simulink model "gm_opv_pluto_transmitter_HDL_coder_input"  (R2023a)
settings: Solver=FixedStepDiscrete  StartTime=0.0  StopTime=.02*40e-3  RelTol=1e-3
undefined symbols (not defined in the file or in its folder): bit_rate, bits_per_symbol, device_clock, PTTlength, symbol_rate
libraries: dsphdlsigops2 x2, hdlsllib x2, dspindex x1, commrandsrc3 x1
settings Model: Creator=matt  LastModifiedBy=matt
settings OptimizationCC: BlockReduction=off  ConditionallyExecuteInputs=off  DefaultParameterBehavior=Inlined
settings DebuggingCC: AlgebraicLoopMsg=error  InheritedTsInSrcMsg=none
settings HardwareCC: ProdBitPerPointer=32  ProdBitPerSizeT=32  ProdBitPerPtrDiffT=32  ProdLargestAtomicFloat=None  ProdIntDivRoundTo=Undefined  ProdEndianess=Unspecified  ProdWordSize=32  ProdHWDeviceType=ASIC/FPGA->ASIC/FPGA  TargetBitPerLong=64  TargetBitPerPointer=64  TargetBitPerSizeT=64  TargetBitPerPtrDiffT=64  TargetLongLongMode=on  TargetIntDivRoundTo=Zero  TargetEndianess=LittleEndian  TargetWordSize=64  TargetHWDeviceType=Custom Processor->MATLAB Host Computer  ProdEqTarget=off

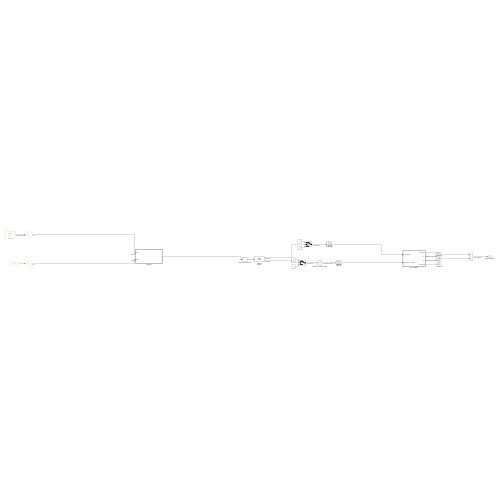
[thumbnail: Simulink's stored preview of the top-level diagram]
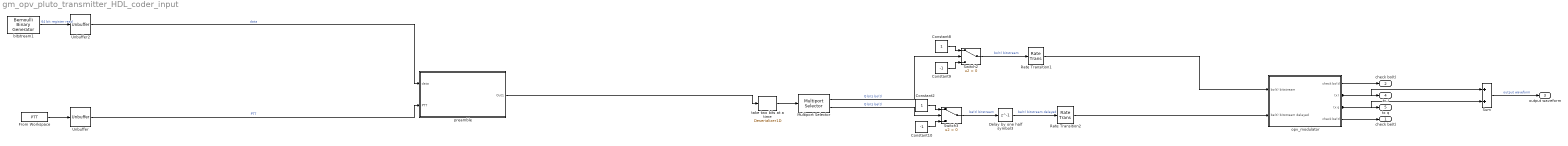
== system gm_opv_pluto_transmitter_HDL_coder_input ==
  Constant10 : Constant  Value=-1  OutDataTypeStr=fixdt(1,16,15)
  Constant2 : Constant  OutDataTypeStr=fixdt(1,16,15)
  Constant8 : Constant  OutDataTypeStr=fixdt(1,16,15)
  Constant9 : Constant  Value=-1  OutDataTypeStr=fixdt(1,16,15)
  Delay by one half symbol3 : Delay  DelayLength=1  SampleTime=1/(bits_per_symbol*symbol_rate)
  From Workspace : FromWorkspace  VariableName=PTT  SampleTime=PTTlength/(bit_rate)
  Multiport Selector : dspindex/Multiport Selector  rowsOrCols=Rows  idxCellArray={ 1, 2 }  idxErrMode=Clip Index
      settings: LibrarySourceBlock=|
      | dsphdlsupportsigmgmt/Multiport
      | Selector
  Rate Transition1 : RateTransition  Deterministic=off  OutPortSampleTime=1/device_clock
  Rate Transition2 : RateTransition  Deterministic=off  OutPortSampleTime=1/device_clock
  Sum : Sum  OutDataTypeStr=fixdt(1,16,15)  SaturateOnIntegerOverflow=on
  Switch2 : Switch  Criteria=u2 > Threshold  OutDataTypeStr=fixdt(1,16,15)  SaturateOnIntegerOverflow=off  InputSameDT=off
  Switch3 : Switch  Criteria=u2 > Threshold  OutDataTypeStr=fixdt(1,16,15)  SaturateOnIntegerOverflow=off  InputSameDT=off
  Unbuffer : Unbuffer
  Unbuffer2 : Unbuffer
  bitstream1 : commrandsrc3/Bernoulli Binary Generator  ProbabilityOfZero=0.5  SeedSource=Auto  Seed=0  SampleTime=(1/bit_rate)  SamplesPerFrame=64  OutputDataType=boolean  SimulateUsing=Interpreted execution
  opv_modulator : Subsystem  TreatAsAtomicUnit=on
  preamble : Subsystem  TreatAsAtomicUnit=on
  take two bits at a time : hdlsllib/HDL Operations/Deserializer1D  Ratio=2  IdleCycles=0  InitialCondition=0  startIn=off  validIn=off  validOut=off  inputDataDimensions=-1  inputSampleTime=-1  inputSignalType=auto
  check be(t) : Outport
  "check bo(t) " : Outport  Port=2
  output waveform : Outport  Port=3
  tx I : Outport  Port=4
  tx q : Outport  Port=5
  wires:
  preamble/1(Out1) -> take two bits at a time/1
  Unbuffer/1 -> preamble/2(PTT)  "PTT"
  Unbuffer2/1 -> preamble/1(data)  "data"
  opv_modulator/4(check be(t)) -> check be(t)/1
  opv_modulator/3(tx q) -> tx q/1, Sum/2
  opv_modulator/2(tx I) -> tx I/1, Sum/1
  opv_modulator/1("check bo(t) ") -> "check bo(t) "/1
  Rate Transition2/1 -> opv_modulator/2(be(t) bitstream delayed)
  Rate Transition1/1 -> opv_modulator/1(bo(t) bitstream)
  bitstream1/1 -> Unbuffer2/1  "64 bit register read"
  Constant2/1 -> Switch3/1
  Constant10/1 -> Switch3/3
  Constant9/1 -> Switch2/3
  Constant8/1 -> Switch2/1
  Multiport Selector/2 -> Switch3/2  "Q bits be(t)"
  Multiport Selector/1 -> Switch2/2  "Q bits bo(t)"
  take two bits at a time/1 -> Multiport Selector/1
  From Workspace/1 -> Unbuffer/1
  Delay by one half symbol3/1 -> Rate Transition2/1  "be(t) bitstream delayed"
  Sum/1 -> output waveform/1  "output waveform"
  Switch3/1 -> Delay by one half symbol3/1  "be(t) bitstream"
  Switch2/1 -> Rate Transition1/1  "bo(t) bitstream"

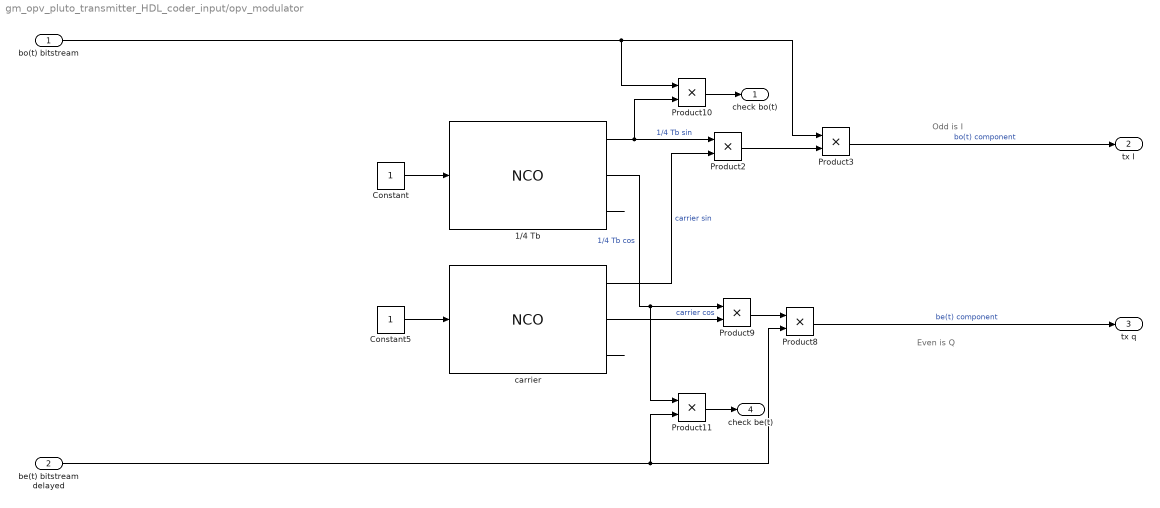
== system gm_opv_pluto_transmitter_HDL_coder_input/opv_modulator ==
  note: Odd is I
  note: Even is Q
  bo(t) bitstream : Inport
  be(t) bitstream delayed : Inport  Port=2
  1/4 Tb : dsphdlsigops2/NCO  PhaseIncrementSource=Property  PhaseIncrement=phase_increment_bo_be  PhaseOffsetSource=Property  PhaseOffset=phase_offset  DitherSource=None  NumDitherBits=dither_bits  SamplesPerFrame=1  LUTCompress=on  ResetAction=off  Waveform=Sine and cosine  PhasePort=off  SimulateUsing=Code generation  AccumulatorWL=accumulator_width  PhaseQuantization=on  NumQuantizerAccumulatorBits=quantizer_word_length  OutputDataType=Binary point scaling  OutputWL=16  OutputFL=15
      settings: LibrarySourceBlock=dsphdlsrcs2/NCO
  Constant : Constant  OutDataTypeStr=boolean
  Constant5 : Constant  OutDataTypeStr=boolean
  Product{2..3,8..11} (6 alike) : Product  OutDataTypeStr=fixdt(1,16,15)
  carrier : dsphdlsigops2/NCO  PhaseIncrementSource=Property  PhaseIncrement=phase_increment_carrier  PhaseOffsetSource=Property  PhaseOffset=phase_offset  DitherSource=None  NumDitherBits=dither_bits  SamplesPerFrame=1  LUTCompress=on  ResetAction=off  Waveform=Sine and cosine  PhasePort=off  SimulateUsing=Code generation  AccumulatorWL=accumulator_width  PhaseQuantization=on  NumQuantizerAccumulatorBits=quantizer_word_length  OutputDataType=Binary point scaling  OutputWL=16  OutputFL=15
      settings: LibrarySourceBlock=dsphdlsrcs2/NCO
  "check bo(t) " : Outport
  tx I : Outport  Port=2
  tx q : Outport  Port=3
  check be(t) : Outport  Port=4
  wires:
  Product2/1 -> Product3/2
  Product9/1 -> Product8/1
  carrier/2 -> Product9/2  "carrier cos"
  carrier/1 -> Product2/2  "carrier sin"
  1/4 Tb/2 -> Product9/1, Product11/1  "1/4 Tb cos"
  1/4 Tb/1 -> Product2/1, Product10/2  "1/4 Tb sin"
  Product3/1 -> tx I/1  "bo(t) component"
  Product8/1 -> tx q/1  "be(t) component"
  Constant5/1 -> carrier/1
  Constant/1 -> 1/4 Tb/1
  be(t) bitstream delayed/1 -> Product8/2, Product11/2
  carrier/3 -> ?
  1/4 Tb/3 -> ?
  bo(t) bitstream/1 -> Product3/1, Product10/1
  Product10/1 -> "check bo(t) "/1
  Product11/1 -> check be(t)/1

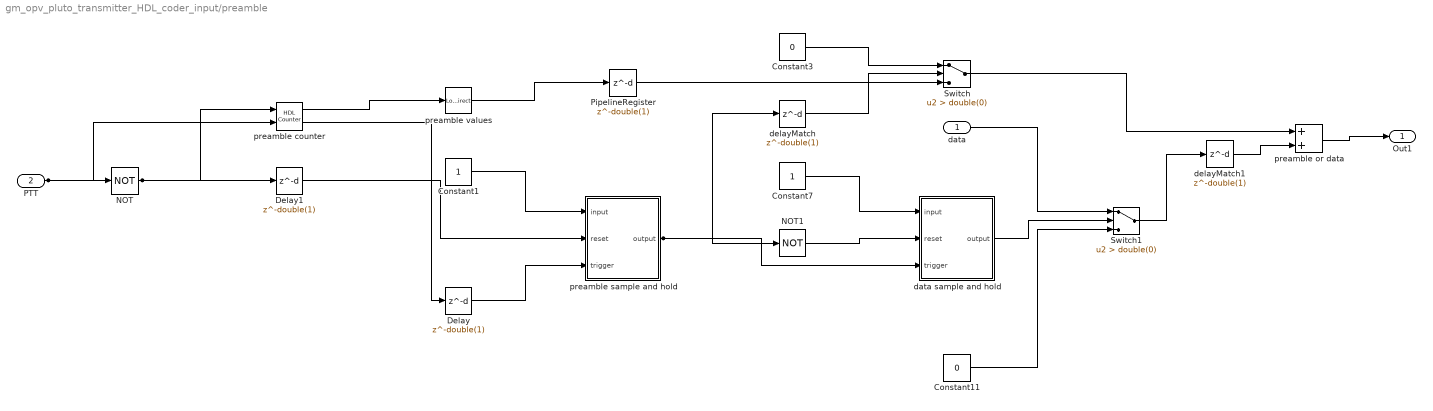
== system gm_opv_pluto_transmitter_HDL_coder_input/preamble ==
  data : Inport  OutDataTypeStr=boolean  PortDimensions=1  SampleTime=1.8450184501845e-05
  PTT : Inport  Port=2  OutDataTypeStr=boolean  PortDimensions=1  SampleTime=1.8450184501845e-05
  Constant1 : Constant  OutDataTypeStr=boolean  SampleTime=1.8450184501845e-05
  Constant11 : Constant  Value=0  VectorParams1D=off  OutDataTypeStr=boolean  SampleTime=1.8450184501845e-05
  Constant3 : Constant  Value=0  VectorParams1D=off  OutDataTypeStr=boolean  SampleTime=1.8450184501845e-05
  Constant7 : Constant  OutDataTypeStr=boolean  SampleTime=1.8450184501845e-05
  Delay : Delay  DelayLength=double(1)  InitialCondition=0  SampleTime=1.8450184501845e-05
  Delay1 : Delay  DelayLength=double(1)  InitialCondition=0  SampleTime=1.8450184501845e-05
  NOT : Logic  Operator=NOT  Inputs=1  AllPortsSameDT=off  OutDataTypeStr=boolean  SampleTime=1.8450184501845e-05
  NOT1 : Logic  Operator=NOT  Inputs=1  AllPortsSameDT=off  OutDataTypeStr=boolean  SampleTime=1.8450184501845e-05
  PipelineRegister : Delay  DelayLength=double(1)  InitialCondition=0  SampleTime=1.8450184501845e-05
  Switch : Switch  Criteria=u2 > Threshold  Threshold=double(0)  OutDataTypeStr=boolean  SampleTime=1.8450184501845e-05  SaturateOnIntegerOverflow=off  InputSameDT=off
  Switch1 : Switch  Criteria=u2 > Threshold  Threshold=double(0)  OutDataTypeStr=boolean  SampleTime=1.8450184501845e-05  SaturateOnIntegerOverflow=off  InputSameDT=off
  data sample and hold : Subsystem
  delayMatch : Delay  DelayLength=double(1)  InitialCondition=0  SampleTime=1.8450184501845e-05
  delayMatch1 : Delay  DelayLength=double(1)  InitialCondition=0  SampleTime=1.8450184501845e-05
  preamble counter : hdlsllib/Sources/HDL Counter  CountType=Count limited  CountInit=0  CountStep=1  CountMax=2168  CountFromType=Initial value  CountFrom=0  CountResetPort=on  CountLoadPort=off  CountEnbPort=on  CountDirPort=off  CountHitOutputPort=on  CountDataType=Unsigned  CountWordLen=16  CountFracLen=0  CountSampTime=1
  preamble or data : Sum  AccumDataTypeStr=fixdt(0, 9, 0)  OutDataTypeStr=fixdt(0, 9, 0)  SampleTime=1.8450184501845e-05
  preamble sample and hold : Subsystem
------------------------------------
§ **Work required**:
Word for word, restate the lines above from the one with "libraries: dsphdlsigops2 x2, hdlsllib" through the one with "bitstream1 : commrandsrc3/Bernoulli", keeping both ends and dropping the pictures.

§ **Solution**:
libraries: dsphdlsigops2 x2, hdlsllib x2, dspindex x1, commrandsrc3 x1
settings Model: Creator=matt  LastModifiedBy=matt
settings OptimizationCC: BlockReduction=off  ConditionallyExecuteInputs=off  DefaultParameterBehavior=Inlined
settings DebuggingCC: AlgebraicLoopMsg=error  InheritedTsInSrcMsg=none
settings HardwareCC: ProdBitPerPointer=32  ProdBitPerSizeT=32  ProdBitPerPtrDiffT=32  ProdLargestAtomicFloat=None  ProdIntDivRoundTo=Undefined  ProdEndianess=Unspecified  ProdWordSize=32  ProdHWDeviceType=ASIC/FPGA->ASIC/FPGA  TargetBitPerLong=64  TargetBitPerPointer=64  TargetBitPerSizeT=64  TargetBitPerPtrDiffT=64  TargetLongLongMode=on  TargetIntDivRoundTo=Zero  TargetEndianess=LittleEndian  TargetWordSize=64  TargetHWDeviceType=Custom Processor->MATLAB Host Computer  ProdEqTarget=off

[thumbnail: Simulink's stored preview of the top-level diagram]
== system gm_opv_pluto_transmitter_HDL_coder_input ==
  Constant10 : Constant  Value=-1  OutDataTypeStr=fixdt(1,16,15)
  Constant2 : Constant  OutDataTypeStr=fixdt(1,16,15)
  Constant8 : Constant  OutDataTypeStr=fixdt(1,16,15)
  Constant9 : Constant  Value=-1  OutDataTypeStr=fixdt(1,16,15)
  Delay by one half symbol3 : Delay  DelayLength=1  SampleTime=1/(bits_per_symbol*symbol_rate)
  From Workspace : FromWorkspace  VariableName=PTT  SampleTime=PTTlength/(bit_rate)
  Multiport Selector : dspindex/Multiport Selector  rowsOrCols=Rows  idxCellArray={ 1, 2 }  idxErrMode=Clip Index
      settings: LibrarySourceBlock=|
      | dsphdlsupportsigmgmt/Multiport
      | Selector
  Rate Transition1 : RateTransition  Deterministic=off  OutPortSampleTime=1/device_clock
  Rate Transition2 : RateTransition  Deterministic=off  OutPortSampleTime=1/device_clock
  Sum : Sum  OutDataTypeStr=fixdt(1,16,15)  SaturateOnIntegerOverflow=on
  Switch2 : Switch  Criteria=u2 > Threshold  OutDataTypeStr=fixdt(1,16,15)  SaturateOnIntegerOverflow=off  InputSameDT=off
  Switch3 : Switch  Criteria=u2 > Threshold  OutDataTypeStr=fixdt(1,16,15)  SaturateOnIntegerOverflow=off  InputSameDT=off
  Unbuffer : Unbuffer
  Unbuffer2 : Unbuffer
  bitstream1 : commrandsrc3/Bernoulli Binary Generator  ProbabilityOfZero=0.5  SeedSource=Auto  Seed=0  SampleTime=(1/bit_rate)  SamplesPerFrame=64  OutputDataType=boolean  SimulateUsing=Interpreted execution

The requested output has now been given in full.